Now, back in the Thirties, when the New Deal attempted by hook or crook to put people back to work and give them money to revive the shattered economy, there was an outcry of moral indignation from the conservatives that many of the jobs were “boondoggling,” useless made-work. It was insisted, and rightly, that such work was demoralizing to the workers themselves. It is a question of a word, but a candid critic might certainly say that many of the jobs in our present “normal” production are useless made-work. The tail fins and built-in obsolescence might be called boondoggling. The $64,000 Question and the busy hum of Madison Avenue might certainly be called boondoggling. Certain tax-dodge Foundations are boondoggling. What of business lunches and expense accounts? fringe benefits? the comic categories of occupation in the building trades? the extra stagehands and musicians of the theater crafts? These jolly devices to put money back to work no doubt have a demoralizing effect on somebody or other (certainly on me, they make me green with envy), but where is the moral indignation from Top Management?

Suppose we would cut out the boondoggling and gear our society to a more sensible abundance, with efficient production of quality goods, distribution in a natural market, counterinflation and sober credit. At once the work week would be cut to, say, twenty hours instead of forty. (Important People have already mentioned the figure thirty.) Or alternately, half the labor force would be unemployed. Suppose too and how can we not suppose it? that the automatic machines are used generally, rather than just to get rid of badly organized unskilled labor. The unemployment will be still more drastic.…

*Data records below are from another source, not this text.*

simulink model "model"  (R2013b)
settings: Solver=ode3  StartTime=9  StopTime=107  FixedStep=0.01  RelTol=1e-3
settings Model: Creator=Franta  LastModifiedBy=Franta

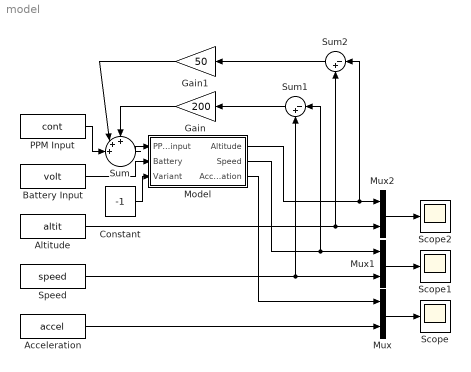
== system model ==
  Acceleration : FromWorkspace  VariableName=accel  SampleTime=0  OutputAfterFinalValue=Holding final value
  Altitude : FromWorkspace  VariableName=altit  SampleTime=0  OutputAfterFinalValue=Holding final value
  Battery Input : FromWorkspace  VariableName=volt  SampleTime=0  OutputAfterFinalValue=Holding final value
  Constant : Constant  Value=-1
  Gain : Gain  Gain=200
  Gain1 : Gain  Gain=50
  Model : Subsystem
  Mux : Mux  Inputs=2
  Mux1 : Mux  Inputs=2
  Mux2 : Mux  Inputs=2
  PPM Input : FromWorkspace  VariableName=cont  SampleTime=0  OutputAfterFinalValue=Holding final value
  Scope : Scope
      settings: YMin=0  YMax=47.5
  Scope1 : Scope
      settings: TimeRange=50
  Scope2 : Scope
      settings: SaveName=ScopeData2
  Speed : FromWorkspace  VariableName=speed  SampleTime=0  OutputAfterFinalValue=Holding final value
  Sum : Sum  Inputs=+++||
  Sum1 : Sum  Inputs=|-+
  Sum2 : Sum  Inputs=|-+
  wires:
  Mux/1 -> Scope/1
  Model/2(Speed) -> Mux1/1, Sum1/1
  Mux1/1 -> Scope1/1
  Model/3(Acceleration) -> Mux/1
  Speed/1 -> Mux1/2, Sum1/2
  Mux2/1 -> Scope2/1
  Model/1(Altitude) -> Sum2/1, Mux2/1
  Acceleration/1 -> Mux/2
  Sum/1 -> Model/1(PPM input)
  Gain/1 -> Sum/1
  Sum1/1 -> Gain/1
  PPM Input/1 -> Sum/3
  Sum2/1 -> Gain1/1
  Gain1/1 -> Sum/2
  Battery Input/1 -> Model/2(Battery)
  Altitude/1 -> Sum2/2, Mux2/2
  Constant/1 -> Model/3(Variant)

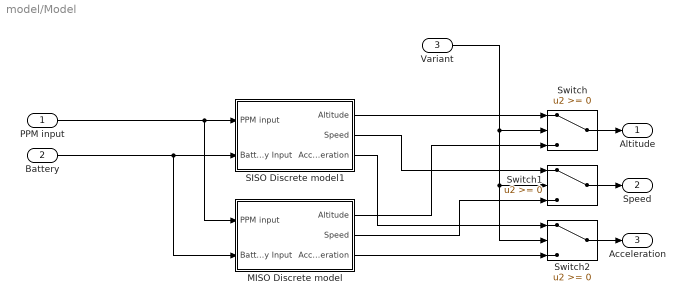
== system model/Model ==
  PPM input : Inport
  Battery : Inport  Port=2
  Variant : Inport  Port=3
  MISO Discrete model : Subsystem
  SISO Discrete model1 : Subsystem
  Switch : Switch
  Switch1 : Switch
  Switch2 : Switch
  Altitude : Outport
  Speed : Outport  Port=2
  Acceleration : Outport  Port=3
  wires:
  PPM input/1 -> MISO Discrete model/1(PPM input), SISO Discrete model1/1(PPM input)
  Battery/1 -> MISO Discrete model/2(Battery Input), SISO Discrete model1/2(Battery Input)
  Switch/1 -> Altitude/1
  Switch1/1 -> Speed/1
  Switch2/1 -> Acceleration/1
  SISO Discrete model1/1(Altitude) -> Switch/1
  MISO Discrete model/1(Altitude) -> Switch/3
  SISO Discrete model1/2(Speed) -> Switch1/1
  SISO Discrete model1/3(Acceleration) -> Switch2/1
  MISO Discrete model/2(Speed) -> Switch1/3
  MISO Discrete model/3(Acceleration) -> Switch2/3
  Variant/1 -> Switch2/2, Switch1/2, Switch/2

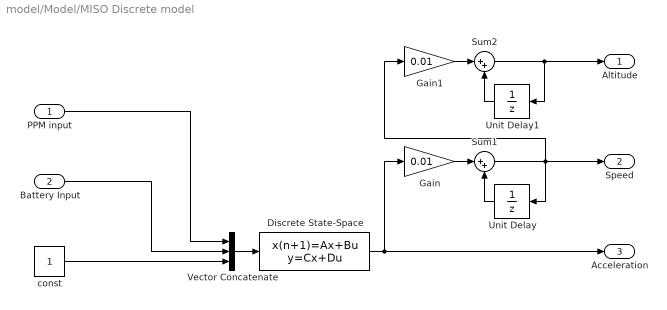
== system model/Model/MISO Discrete model ==
  PPM input : Inport
  Battery Input : Inport  Port=2
  Discrete State-Space : DiscreteStateSpace  A=[0.975860703201374 0.059286460158685;-0.042159733157818 0.939186054690820]  B=[6.314307851786213e-06 -4.754716441591897e-04 -0.035278240475003; 2.121430250334080e-05 0.007454859352531 -0.226118552362180]  C=[18.778733757834257 0.560758846210476]  D=[0 0 0]  SampleTime=0.01
  Gain : Gain  Gain=0.01
  Gain1 : Gain  Gain=0.01
  Sum1 : Sum  Inputs=|++
  Sum2 : Sum  Inputs=|++
  Unit Delay : UnitDelay  SampleTime=-1
  Unit Delay1 : UnitDelay  InitialCondition=1  SampleTime=-1
  Vector Concatenate : Concatenate  NumInputs=3
  const : Constant
  Altitude : Outport
  Speed : Outport  Port=2
  Acceleration : Outport  Port=3
  wires:
  Gain1/1 -> Sum2/1
  Gain/1 -> Sum1/1
  Unit Delay1/1 -> Sum2/2
  Sum2/1 -> Altitude/1, Unit Delay1/1
  Sum1/1 -> Speed/1, Gain1/1, Unit Delay/1
  Unit Delay/1 -> Sum1/2
  Discrete State-Space/1 -> Acceleration/1, Gain/1
  const/1 -> Vector Concatenate/3
  Battery Input/1 -> Vector Concatenate/2
  PPM input/1 -> Vector Concatenate/1
  Vector Concatenate/1 -> Discrete State-Space/1

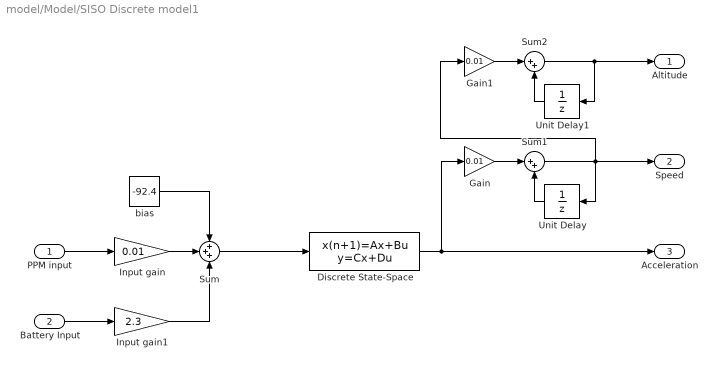
== system model/Model/SISO Discrete model1 ==
  PPM input : Inport
  Battery Input : Inport  Port=2
  Discrete State-Space : DiscreteStateSpace  A=[0.977737818067507 0.063938585278575;-0.039861855372271 0.932165964693411]  B=[0.001436277296681;0.003029732995050]  C=[10.627084380206110 0.333881682576147]  D=0  SampleTime=0.01
  Gain : Gain  Gain=0.01
  Gain1 : Gain  Gain=0.01
  Input gain : Gain  Gain=0.01
  Input gain1 : Gain  Gain=2.3
  Sum : Sum  Inputs=+++
  Sum1 : Sum  Inputs=|++
  Sum2 : Sum  Inputs=|++
  Unit Delay : UnitDelay  SampleTime=-1
  Unit Delay1 : UnitDelay  InitialCondition=1  SampleTime=-1
  bias : Constant  Value=-92.4
  Altitude : Outport
  Speed : Outport  Port=2
  Acceleration : Outport  Port=3
  wires:
  PPM input/1 -> Input gain/1
  Battery Input/1 -> Input gain1/1
  Input gain/1 -> Sum/2
  Input gain1/1 -> Sum/3
  bias/1 -> Sum/1
  Sum/1 -> Discrete State-Space/1
  Discrete State-Space/1 -> Gain/1, Acceleration/1
  Unit Delay/1 -> Sum1/2
  Sum1/1 -> Unit Delay/1, Gain1/1, Speed/1
  Sum2/1 -> Unit Delay1/1, Altitude/1
  Unit Delay1/1 -> Sum2/2
  Gain/1 -> Sum1/1
  Gain1/1 -> Sum2/1

Everybody knows this, nobody wants to talk about it much, for we don’t know how to cope with it. The effect is that we are living a kind of lie. Long ago, labor leaders used to fight for the shorter work week, but now they don’t, because they’re pretty sure they don’t want it. Indeed, when hours are reduced, the tendency is to get a second, part-time, job and raise the standard of living, because the job is meaningless and one must have something; but the standard of living is pretty meaningless, too. Nor is this strange atmosphere a new thing. For at least a generation the maximum sensible use of our productivity could have thrown a vast population out of work, or relieved everybody of a lot of useless work, depending on how you take it. (Consider with how little cutback of useful civilian production the economy produced the war goods and maintained an Army, economically unemployed.) The plain truth is that at present very many of us are useless, not needed, rationally unemployable. It is in this paradoxical atmosphere that young persons grow up. It looks busy and expansive, but it is rationally at a stalemate.

Paul Goodman, Growing Up Absurd: Problems of Youth in the Organized Society (New York: Random House, 1960), xiv–xv, 11–13, 30–32.